WHAT THE TASK REQUIRES >>
All lines in the data that hold the word "lineweight" need copying.

EXERCISE MATERIAL >>
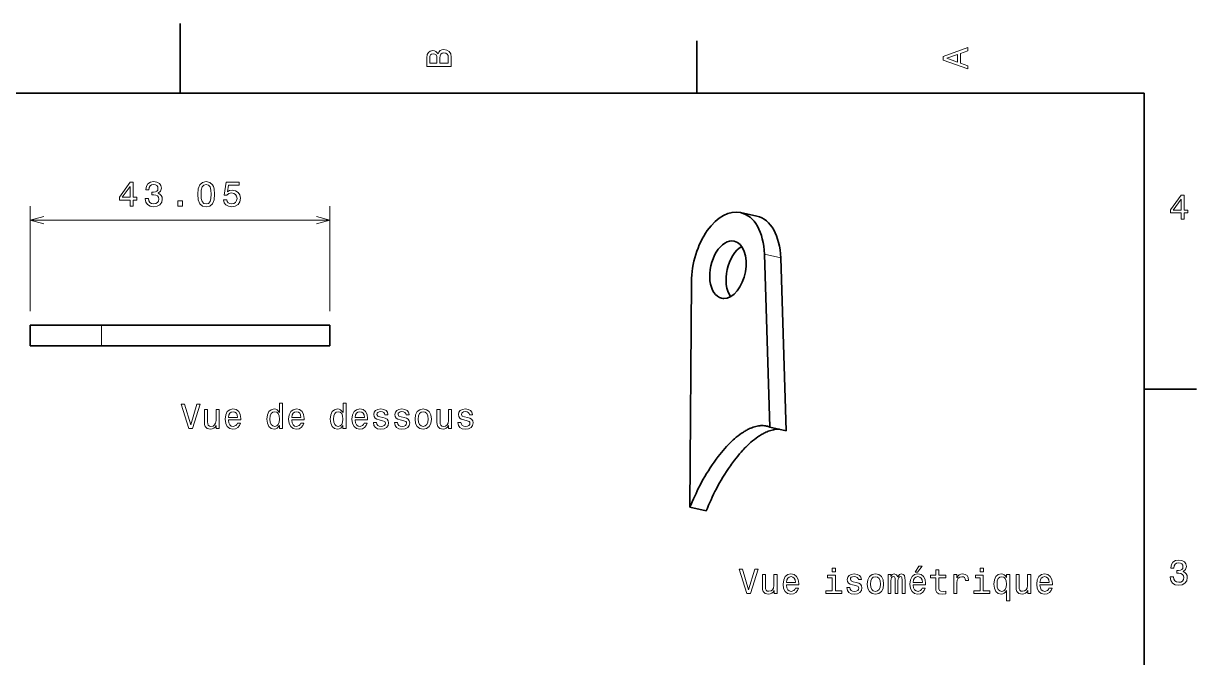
# Model space of a CAD drawing. Extents: x 0 to 297, y 0 to 210.
# Drawn here: x 126 to 294.5, y 118.9 to 210 of the extents above; entities that cross this region are included whole.
import ezdxf

# ---------------------------------------------------------------- set-up
doc = ezdxf.new("R2010")
doc.units = 0

msp = doc.modelspace()

# ---------------------------------------------------------------- linework, layer by layer
at = {"color": 7, "lineweight": 35, "ltscale": 0.25}
msp.add_line((148.5, 200), (148.5, 210), dxfattribs=at)
at = {"color": 7, "lineweight": 35, "ltscale": 0.1875}
for p, q in [((222.699997, 200), (222.699997, 207.5)), ((287, 157.5), (294.5, 157.5))]:
    msp.add_line(p, q, dxfattribs=at)
at = {"color": 7, "lineweight": 35}
for p, q in [((287, 200), (10, 200)), ((287, 10), (287, 200)), ((233.208466, 152.036575), (232.426498, 176.850052)), ((235.552826, 151.515015), (234.770859, 176.328506)), ((221.95018, 172.889053), (221.738678, 140.51767)), ((137.213913, 166.686111), (170.026703, 166.686111)), ((137.213913, 163.686111), (170.026703, 163.686111))]:
    msp.add_line(p, q, dxfattribs=at)
at = {"color": 7, "lineweight": 13, "ltscale": 0.376926}
for p, q in [((126.972282, 168.686111), (126.972282, 183.763153)), ((170.026703, 168.686111), (170.026703, 183.763153))]:
    msp.add_line(p, q, dxfattribs=at)
at = {"color": 7, "lineweight": 35, "ltscale": 0.060042}
for p, q in [((231.359909, 182.314545), (229.015564, 182.836105)), ((235.552826, 151.515015), (233.208466, 152.036575)), ((224.083038, 139.996109), (221.738678, 140.51767))]:
    msp.add_line(p, q, dxfattribs=at)
at = {"color": 7, "lineweight": 13}
msp.add_line((126.972282, 181.763153), (170.026703, 181.763153), dxfattribs=at)
at = {"color": 7, "lineweight": 13, "ltscale": 0.060042}
msp.add_line((234.770859, 176.328506), (232.426498, 176.850052), dxfattribs=at)
at = {"color": 7, "lineweight": 35, "ltscale": 0.256041}
for p, q in [((137.213913, 166.686111), (126.972282, 166.686111)), ((137.213913, 163.686111), (126.972282, 163.686111))]:
    msp.add_line(p, q, dxfattribs=at)
at = {"color": 7, "lineweight": 35, "ltscale": 0.075}
for p, q in [((126.972282, 163.686111), (126.972282, 166.686111)), ((170.026703, 163.686111), (170.026703, 166.686111))]:
    msp.add_line(p, q, dxfattribs=at)
at = {"color": 7, "lineweight": 13, "ltscale": 0.075}
msp.add_line((137.213913, 166.686111), (137.213913, 163.686111), dxfattribs=at)
at = {"color": 7, "lineweight": 13}
for points in [[(185.542007, 205.630417), (185.249496, 205.983429), (185.052811, 206.074219), (184.81073, 206.104477), (184.432495, 206.03891), (184.160156, 205.842224), (183.993729, 205.524506), (183.933212, 205.080704), (183.933212, 203.835022), (187.433212, 203.835022), (187.433212, 205.151306), (187.36261, 205.620331), (187.155838, 205.968307), (186.828018, 206.185165), (186.384216, 206.260818), (186.08667, 206.215424), (185.839554, 206.094391), (185.65799, 205.897705)], [(185.385666, 204.984879), (185.385666, 204.298996), (184.351807, 204.298996), (184.351807, 205.025223), (184.382065, 205.297562), (184.472839, 205.489197), (184.629181, 205.605194), (184.86116, 205.645538), (185.093155, 205.600143), (185.254532, 205.479111), (185.355408, 205.272339)], [(187.014618, 205.095825), (187.014618, 204.298996), (185.809296, 204.298996), (185.809296, 205.050446), (185.844589, 205.368164), (185.9505, 205.595108), (186.132065, 205.731277), (186.394302, 205.776657), (186.671692, 205.731277), (186.863327, 205.605194), (186.979324, 205.393372)], [(261.633209, 203.466858), (261.633209, 203.930847), (260.604401, 204.298996), (260.604401, 205.695969), (261.633209, 206.064133), (261.633209, 206.538193), (258.128174, 205.257217), (258.128174, 204.742798)], [(260.17572, 204.460388), (258.632477, 205), (260.17572, 205.539627)], [(141.304825, 183.763153), (141.758713, 183.763153), (141.758713, 184.630585), (142.257996, 184.630585), (142.257996, 185.034042), (141.758713, 185.034042), (141.758713, 187.1875), (141.299789, 187.1875), (139.766647, 185.074387), (139.766647, 184.630585), (141.304825, 184.630585)], [(143.492584, 184.862579), (143.492584, 184.827271), (143.573273, 184.343124), (143.810303, 183.980011), (144.183502, 183.748016), (144.677734, 183.662292), (145.20224, 183.748016), (145.595612, 183.969925), (145.847763, 184.322952), (145.938538, 184.77684), (145.898193, 185.074387), (145.787247, 185.316467), (145.605698, 185.503067), (145.363617, 185.639236), (145.691422, 185.91156), (145.807419, 186.345291), (145.731766, 186.738663), (145.514908, 187.036209), (145.16188, 187.222809), (144.677734, 187.288361), (144.223846, 187.207672), (143.87587, 186.985779), (143.648926, 186.632751), (143.573273, 186.163727), (143.573273, 186.128418), (144.022125, 186.128418), (144.062469, 186.451202), (144.193588, 186.683182), (144.405396, 186.824387), (144.702957, 186.874817), (144.965195, 186.834473), (145.156845, 186.728577), (145.272842, 186.557098), (145.318222, 186.325104), (145.272842, 186.078003), (145.151794, 185.91156), (144.939987, 185.810699), (144.652527, 185.780441), (144.455841, 185.785492), (144.455841, 185.38707), (144.702957, 185.397156), (145.020676, 185.351776), (145.257706, 185.230728), (145.398926, 185.034042), (145.449356, 184.77684), (145.393875, 184.484329), (145.24762, 184.267471), (145.01564, 184.131317), (144.707993, 184.085922), (144.390274, 184.136353), (144.158279, 184.287643), (144.012024, 184.529724), (143.956558, 184.862579)], [(151.020096, 185.472809), (151.095749, 184.681015), (151.332779, 184.11618), (151.711029, 183.773239), (152.235519, 183.662292), (152.754974, 183.773239), (153.133209, 184.11618), (153.365204, 184.681015), (153.445892, 185.472809), (153.365204, 186.259552), (153.269379, 186.572235), (153.133209, 186.829437), (152.754974, 187.172379), (152.235519, 187.288361), (151.711029, 187.172379), (151.332779, 186.824387), (151.095749, 186.259552)], [(154.720825, 184.67598), (154.831772, 184.262436), (155.078888, 183.939667), (155.442001, 183.737946), (155.905975, 183.662292), (156.415344, 183.753067), (156.813766, 184.000183), (157.065918, 184.393555), (157.161743, 184.897888), (157.076004, 185.366898), (156.833939, 185.735046), (156.455688, 185.972092), (155.966492, 186.057831), (155.588257, 185.997299), (155.295746, 185.830872), (155.436951, 186.773956), (156.970093, 186.773956), (156.970093, 187.1875), (155.09906, 187.1875), (154.821686, 185.331604), (155.225143, 185.331604), (155.517654, 185.568634), (155.890854, 185.654358), (156.213623, 185.598892), (156.460739, 185.4375), (156.617081, 185.190384), (156.672546, 184.872665), (156.617081, 184.554932), (156.455688, 184.307831), (156.208572, 184.151489), (155.890854, 184.096008), (155.623566, 184.131317), (155.416779, 184.247299), (155.265488, 184.428864), (155.189835, 184.67598)], [(140.190277, 185.034042), (141.304825, 186.602493), (141.304825, 185.034042)], [(151.504242, 185.472809), (151.544601, 186.083038), (151.670685, 186.52179), (151.897614, 186.779007), (152.235519, 186.869781), (152.568375, 186.779007), (152.795319, 186.52179), (152.921402, 186.083038), (152.961746, 185.472809), (152.921402, 184.857529), (152.795319, 184.418777), (152.568375, 184.16156), (152.235519, 184.075836), (151.897614, 184.16156), (151.670685, 184.418777), (151.544601, 184.857529)], [(148.15152, 183.763153), (148.847473, 183.763153), (148.847473, 184.514587), (148.15152, 184.514587)], [(292.277374, 181.916794), (292.731262, 181.916794), (292.731262, 182.784225), (293.23056, 182.784225), (293.23056, 183.187683), (292.731262, 183.187683), (292.731262, 185.341141), (292.272339, 185.341141), (290.739197, 183.228027), (290.739197, 182.784225), (292.277374, 182.784225)], [(291.162842, 183.187683), (292.277374, 184.756134), (292.277374, 183.187683)], [(150.895035, 155.334534), (150.017502, 152.353973), (149.114777, 155.334534), (148.635666, 155.334534), (149.76535, 151.829483), (150.269669, 151.829483), (151.37413, 155.334534)], [(162.781921, 152.248077), (162.781921, 151.829483), (163.225723, 151.829483), (163.225723, 155.450516), (162.786957, 155.450516), (162.786957, 154.124146), (162.449066, 154.507431), (162.242294, 154.598221), (162.005264, 154.633514), (161.576584, 154.532654), (161.243729, 154.250229), (161.026871, 153.796341), (160.951233, 153.186111), (161.026871, 152.575882), (161.243729, 152.116943), (161.576584, 151.829483), (162.005264, 151.733658), (162.242294, 151.768967), (162.454102, 151.859741)], [(171.889984, 152.248077), (171.889984, 151.829483), (172.333786, 151.829483), (172.333786, 155.450516), (171.895035, 155.450516), (171.895035, 154.124146), (171.557129, 154.507431), (171.350357, 154.598221), (171.113327, 154.633514), (170.684662, 154.532654), (170.351807, 154.250229), (170.134949, 153.796341), (170.059296, 153.186111), (170.134949, 152.575882), (170.351807, 152.116943), (170.684662, 151.829483), (171.113327, 151.733658), (171.350357, 151.768967), (171.56218, 151.859741)], [(154.097473, 154.537689), (153.653671, 154.537689), (153.653671, 152.974289), (153.603241, 152.611191), (153.456985, 152.348938), (153.230042, 152.187546), (152.932495, 152.137115), (152.695465, 152.17746), (152.544159, 152.298508), (152.458435, 152.50528), (152.438263, 152.797775), (152.438263, 154.537689), (151.994446, 154.537689), (151.994446, 152.757431), (152.009583, 152.399368), (152.105408, 152.101822), (152.397919, 151.829483), (152.866928, 151.733658), (153.119095, 151.768967), (153.335953, 151.859741), (153.522552, 152.016083), (153.673843, 152.243027), (153.673843, 151.829483), (154.097473, 151.829483)], [(155.433929, 153.054993), (157.209152, 153.054993), (157.214188, 153.261765), (157.133499, 153.841736), (156.911606, 154.275452), (156.558578, 154.537689), (156.089554, 154.633514), (155.630615, 154.532654), (155.277588, 154.250229), (155.050644, 153.791306), (154.969955, 153.186111), (155.045609, 152.565796), (155.272552, 152.111908), (155.620529, 151.829483), (156.074432, 151.733658), (156.467804, 151.799225), (156.790558, 151.970688), (157.027588, 152.243027), (157.163757, 152.60614), (156.725006, 152.60614), (156.634216, 152.404404), (156.503098, 152.253113), (156.129898, 152.13208), (155.842438, 152.187546), (155.62558, 152.364059), (155.48436, 152.651535), (155.433929, 153.039856)], [(155.433929, 153.428192), (155.48941, 153.776169), (155.62558, 154.033371), (155.832352, 154.189713), (156.104691, 154.245193), (156.371979, 154.189713), (156.578751, 154.033371), (156.704834, 153.776169), (156.750214, 153.428192)], [(162.080902, 154.235107), (162.373413, 154.16449), (162.595322, 153.967804), (162.72644, 153.639999), (162.776871, 153.186111), (162.72644, 152.727173), (162.595322, 152.399368), (162.373413, 152.197632), (162.080902, 152.13208), (161.803528, 152.197632), (161.591721, 152.399368), (161.4505, 152.732224), (161.405121, 153.186111), (161.4505, 153.634964), (161.591721, 153.962769), (161.803528, 154.16449)], [(164.542007, 153.054993), (166.317215, 153.054993), (166.322266, 153.261765), (166.241577, 153.841736), (166.019669, 154.275452), (165.666641, 154.537689), (165.197632, 154.633514), (164.738693, 154.532654), (164.385666, 154.250229), (164.158722, 153.791306), (164.078033, 153.186111), (164.153671, 152.565796), (164.380615, 152.111908), (164.728607, 151.829483), (165.182495, 151.733658), (165.575867, 151.799225), (165.898636, 151.970688), (166.135666, 152.243027), (166.271835, 152.60614), (165.833069, 152.60614), (165.742294, 152.404404), (165.611176, 152.253113), (165.237976, 152.13208), (164.9505, 152.187546), (164.733643, 152.364059), (164.592438, 152.651535), (164.542007, 153.039856)], [(164.542007, 153.428192), (164.597473, 153.776169), (164.733643, 154.033371), (164.940414, 154.189713), (165.212753, 154.245193), (165.480042, 154.189713), (165.686813, 154.033371), (165.812897, 153.776169), (165.858292, 153.428192)], [(171.18898, 154.235107), (171.481491, 154.16449), (171.703384, 153.967804), (171.834518, 153.639999), (171.884949, 153.186111), (171.834518, 152.727173), (171.703384, 152.399368), (171.481491, 152.197632), (171.18898, 152.13208), (170.911606, 152.197632), (170.699783, 152.399368), (170.558578, 152.732224), (170.513184, 153.186111), (170.558578, 153.634964), (170.699783, 153.962769), (170.911606, 154.16449)], [(173.65007, 153.054993), (175.425293, 153.054993), (175.430328, 153.261765), (175.34964, 153.841736), (175.127747, 154.275452), (174.774719, 154.537689), (174.305695, 154.633514), (173.846756, 154.532654), (173.493729, 154.250229), (173.266785, 153.791306), (173.186096, 153.186111), (173.261749, 152.565796), (173.488693, 152.111908), (173.83667, 151.829483), (174.290558, 151.733658), (174.683929, 151.799225), (175.006699, 151.970688), (175.243729, 152.243027), (175.379898, 152.60614), (174.941132, 152.60614), (174.850357, 152.404404), (174.719238, 152.253113), (174.346039, 152.13208), (174.058578, 152.187546), (173.841721, 152.364059), (173.7005, 152.651535), (173.65007, 153.039856)], [(173.65007, 153.428192), (173.705551, 153.776169), (173.841721, 154.033371), (174.048492, 154.189713), (174.320831, 154.245193), (174.58812, 154.189713), (174.794891, 154.033371), (174.920959, 153.776169), (174.966354, 153.428192)], [(177.62413, 153.40802), (177.195465, 153.508881), (176.877747, 153.624878), (176.771835, 153.861908), (176.802094, 154.028336), (176.90799, 154.149368), (177.079468, 154.225021), (177.326584, 154.25528), (177.563614, 154.225021), (177.750214, 154.134232), (177.871246, 153.998077), (177.921692, 153.816513), (178.355408, 153.816513), (178.355408, 153.826599), (178.279755, 154.154404), (178.072983, 154.411621), (177.750214, 154.572998), (177.326584, 154.633514), (176.897919, 154.572998), (176.585236, 154.40657), (176.38855, 154.159454), (176.328033, 153.846771), (176.373413, 153.544174), (176.514618, 153.332367), (176.746613, 153.181061), (177.084503, 153.075165), (177.578751, 152.954117), (177.881348, 152.828049), (177.962036, 152.727173), (177.992294, 152.575882), (177.946899, 152.389282), (177.825867, 152.248077), (177.629181, 152.157288), (177.366928, 152.127029), (177.089554, 152.157288), (176.887817, 152.263199), (176.751663, 152.434677), (176.696182, 152.671707), (176.267502, 152.671707), (176.33812, 152.26825), (176.544891, 151.975739), (176.872696, 151.799225), (177.326584, 151.733658), (177.800644, 151.799225), (178.148636, 151.975739), (178.360443, 152.258163), (178.436096, 152.626312), (178.380615, 152.944031), (178.224274, 153.160889), (177.967072, 153.302109)], [(180.660156, 153.40802), (180.231476, 153.508881), (179.913757, 153.624878), (179.807861, 153.861908), (179.838104, 154.028336), (179.944016, 154.149368), (180.115494, 154.225021), (180.36261, 154.25528), (180.59964, 154.225021), (180.78624, 154.134232), (180.907272, 153.998077), (180.957703, 153.816513), (181.391418, 153.816513), (181.391418, 153.826599), (181.315781, 154.154404), (181.109009, 154.411621), (180.78624, 154.572998), (180.36261, 154.633514), (179.933929, 154.572998), (179.621246, 154.40657), (179.424561, 154.159454), (179.364044, 153.846771), (179.409439, 153.544174), (179.550644, 153.332367), (179.782639, 153.181061), (180.120529, 153.075165), (180.614777, 152.954117), (180.917358, 152.828049), (180.998047, 152.727173), (181.02832, 152.575882), (180.982925, 152.389282), (180.861893, 152.248077), (180.665207, 152.157288), (180.402954, 152.127029), (180.12558, 152.157288), (179.923843, 152.263199), (179.787674, 152.434677), (179.732208, 152.671707), (179.303528, 152.671707), (179.37413, 152.26825), (179.580902, 151.975739), (179.908722, 151.799225), (180.36261, 151.733658), (180.83667, 151.799225), (181.184662, 151.975739), (181.396469, 152.258163), (181.472122, 152.626312), (181.416641, 152.944031), (181.2603, 153.160889), (181.003098, 153.302109)], [(182.238693, 153.181061), (182.319382, 152.565796), (182.551361, 152.111908), (182.919525, 151.829483), (183.413757, 151.733658), (183.902954, 151.829483), (184.271103, 152.106857), (184.503098, 152.560745), (184.588837, 153.181061), (184.503098, 153.796341), (184.271103, 154.25528), (183.902954, 154.532654), (183.413757, 154.633514), (182.919525, 154.532654), (182.551361, 154.250229), (182.319382, 153.796341)], [(182.692581, 153.186111), (182.737976, 153.639999), (182.879181, 153.967804), (183.106125, 154.16954), (183.413757, 154.240143), (183.716354, 154.16954), (183.943298, 153.972855), (184.084503, 153.639999), (184.134949, 153.186111), (184.084503, 152.727173), (183.943298, 152.394318), (183.716354, 152.192596), (183.413757, 152.127029), (183.106125, 152.192596), (182.879181, 152.394318), (182.737976, 152.727173)], [(187.493729, 154.537689), (187.049927, 154.537689), (187.049927, 152.974289), (186.999496, 152.611191), (186.853241, 152.348938), (186.626297, 152.187546), (186.328735, 152.137115), (186.091705, 152.17746), (185.940414, 152.298508), (185.854675, 152.50528), (185.834503, 152.797775), (185.834503, 154.537689), (185.390701, 154.537689), (185.390701, 152.757431), (185.405838, 152.399368), (185.501648, 152.101822), (185.794159, 151.829483), (186.263184, 151.733658), (186.51535, 151.768967), (186.732208, 151.859741), (186.918793, 152.016083), (187.070099, 152.243027), (187.070099, 151.829483), (187.493729, 151.829483)], [(189.768219, 153.40802), (189.339554, 153.508881), (189.02182, 153.624878), (188.915924, 153.861908), (188.946182, 154.028336), (189.052094, 154.149368), (189.223557, 154.225021), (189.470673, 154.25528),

THE ANSWER >>
at = {"color": 7, "lineweight": 35, "ltscale": 0.25}
at = {"color": 7, "lineweight": 35, "ltscale": 0.1875}
at = {"color": 7, "lineweight": 35}
at = {"color": 7, "lineweight": 13, "ltscale": 0.376926}
at = {"color": 7, "lineweight": 35, "ltscale": 0.060042}
at = {"color": 7, "lineweight": 13}
at = {"color": 7, "lineweight": 13, "ltscale": 0.060042}
at = {"color": 7, "lineweight": 35, "ltscale": 0.256041}
at = {"color": 7, "lineweight": 35, "ltscale": 0.075}
at = {"color": 7, "lineweight": 13, "ltscale": 0.075}
at = {"color": 7, "lineweight": 13}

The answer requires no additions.